Partnerships with best-in-class managers, digital business partners and asset servicers can provide a fast and cost-effective way to meet investor demands and evolve business models. But surprisingly few investment managers (11%) are planning either acquisitions or joint ventures as they look to deal with disruption.
“The need to optimise performance, risk and cost in today’s tough market conditions is triggering asset managers to step up the pace of transformation, with many viewing taking out costs and inefficiencies as the top priority for 2023. An increasing number of asset managers are turning to Managed Services as a flexible cost-effective option to address operational cost challenges in areas such as tax, legal, finance, middle office functions and more. Many asset managers value the operational flexibility and the freedom to focus on their core capabilities and investment activities.
However, asset managers also recognise the critical role the sector plays in the real economy, and the need to build on the UK’s prominent position as a leader in sustainable investing.”
Albertha Charles, Leader of Asset and Wealth Management, PwC UK
Regulation remains a significant source of disruption for FS organisations. While the Edinburgh Reforms are set to usher in a further period of substantial change, they also bring the benefits of greater clarity over Government policy and the direction of regulation ahead.
The announcements do not represent a ‘bonfire’ of regulation.
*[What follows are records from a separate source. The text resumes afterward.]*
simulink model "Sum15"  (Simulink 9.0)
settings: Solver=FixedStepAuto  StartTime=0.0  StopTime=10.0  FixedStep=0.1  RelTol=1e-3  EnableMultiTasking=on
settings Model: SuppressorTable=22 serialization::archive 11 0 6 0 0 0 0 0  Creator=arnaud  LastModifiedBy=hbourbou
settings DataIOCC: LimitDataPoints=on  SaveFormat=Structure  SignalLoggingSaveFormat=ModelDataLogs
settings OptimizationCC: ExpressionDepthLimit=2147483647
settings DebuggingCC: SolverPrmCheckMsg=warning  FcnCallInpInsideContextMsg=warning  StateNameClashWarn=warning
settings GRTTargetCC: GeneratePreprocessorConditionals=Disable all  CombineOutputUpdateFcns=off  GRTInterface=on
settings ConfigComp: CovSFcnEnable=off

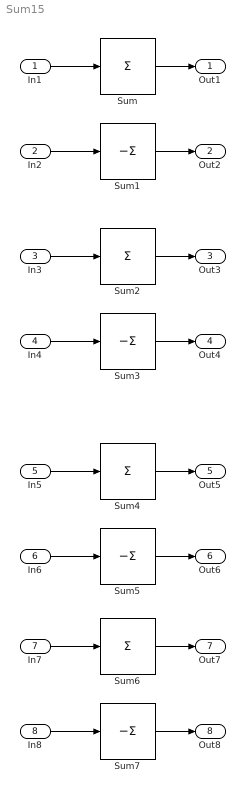
== system Sum15 ==
  In1 : Inport
  In2 : Inport  Port=2
  In3 : Inport  Port=3  PortDimensions=3
  In4 : Inport  Port=4  PortDimensions=3
  In5 : Inport  Port=5  PortDimensions=[2 3]
  In6 : Inport  Port=6  PortDimensions=[2 3]
  In7 : Inport  Port=7  PortDimensions=[2 3]
  In8 : Inport  Port=8  PortDimensions=[2 3]
  Sum : Sum  Inputs=+  CollapseMode=Specified dimension
  Sum1 : Sum  Inputs=-  CollapseMode=Specified dimension
  Sum2 : Sum  Inputs=+  CollapseMode=Specified dimension
  Sum3 : Sum  Inputs=-  CollapseMode=Specified dimension
  Sum4 : Sum  Inputs=+  CollapseMode=Specified dimension
  Sum5 : Sum  Inputs=-  CollapseMode=Specified dimension
  Sum6 : Sum  Inputs=+  CollapseMode=Specified dimension  CollapseDim=2
  Sum7 : Sum  Inputs=-  CollapseMode=Specified dimension  CollapseDim=2
  Out1 : Outport
  Out2 : Outport  Port=2
  Out3 : Outport  Port=3
  Out4 : Outport  Port=4
  Out5 : Outport  Port=5
  Out6 : Outport  Port=6
  Out7 : Outport  Port=7
  Out8 : Outport  Port=8
  wires:
  In1/1 -> Sum/1
  Sum/1 -> Out1/1
  In2/1 -> Sum1/1
  Sum1/1 -> Out2/1
  In3/1 -> Sum2/1
  Sum2/1 -> Out3/1
  In4/1 -> Sum3/1
  Sum3/1 -> Out4/1
  In5/1 -> Sum4/1
  Sum4/1 -> Out5/1
  In6/1 -> Sum5/1
  Sum5/1 -> Out6/1
  In7/1 -> Sum6/1
  Sum6/1 -> Out7/1
  In8/1 -> Sum7/1
  Sum7/1 -> Out8/1

Rather, they seek to strike a pragmatic balance between market and consumer protection and boosting competitiveness and growth. In the post-Brexit world, the Government wants to see an “open, sustainable, technologically advanced financial services sector that is globally competitive”.
Key goals include ensuring onshored EU regulation is suitable for the UK market and sustaining the UK’s place at the forefront of technology, innovation and green finance. Measures to support this include the addition of growth and international competitiveness objectives for the PRA and FCA. There will also be some relaxation of the ring-fencing rules for smaller banks. Further plans include adjustments to Solvency II to help increase infrastructure investment and release more insurance capital into the real economy.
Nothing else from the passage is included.